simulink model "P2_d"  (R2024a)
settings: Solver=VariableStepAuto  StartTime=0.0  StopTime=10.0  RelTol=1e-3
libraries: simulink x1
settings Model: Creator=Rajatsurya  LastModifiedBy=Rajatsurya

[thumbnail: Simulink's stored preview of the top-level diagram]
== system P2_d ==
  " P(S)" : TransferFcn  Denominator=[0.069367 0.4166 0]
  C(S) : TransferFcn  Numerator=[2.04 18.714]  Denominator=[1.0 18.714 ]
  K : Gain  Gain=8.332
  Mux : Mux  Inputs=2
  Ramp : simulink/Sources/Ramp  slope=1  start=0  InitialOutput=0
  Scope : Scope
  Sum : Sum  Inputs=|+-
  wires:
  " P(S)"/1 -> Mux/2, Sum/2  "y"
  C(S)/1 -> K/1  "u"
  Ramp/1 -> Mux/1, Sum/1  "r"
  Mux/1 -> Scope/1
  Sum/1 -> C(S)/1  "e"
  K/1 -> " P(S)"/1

**PROMPT**
Extract, word for word, each line of the listing above.

**EXPECTED OUTPUT**
simulink model "P2_d"  (R2024a)
settings: Solver=VariableStepAuto  StartTime=0.0  StopTime=10.0  RelTol=1e-3
libraries: simulink x1
settings Model: Creator=Rajatsurya  LastModifiedBy=Rajatsurya

[thumbnail: Simulink's stored preview of the top-level diagram]
== system P2_d ==
  " P(S)" : TransferFcn  Denominator=[0.069367 0.4166 0]
  C(S) : TransferFcn  Numerator=[2.04 18.714]  Denominator=[1.0 18.714 ]
  K : Gain  Gain=8.332
  Mux : Mux  Inputs=2
  Ramp : simulink/Sources/Ramp  slope=1  start=0  InitialOutput=0
  Scope : Scope
  Sum : Sum  Inputs=|+-
  wires:
  " P(S)"/1 -> Mux/2, Sum/2  "y"
  C(S)/1 -> K/1  "u"
  Ramp/1 -> Mux/1, Sum/1  "r"
  Mux/1 -> Scope/1
  Sum/1 -> C(S)/1  "e"
  K/1 -> " P(S)"/1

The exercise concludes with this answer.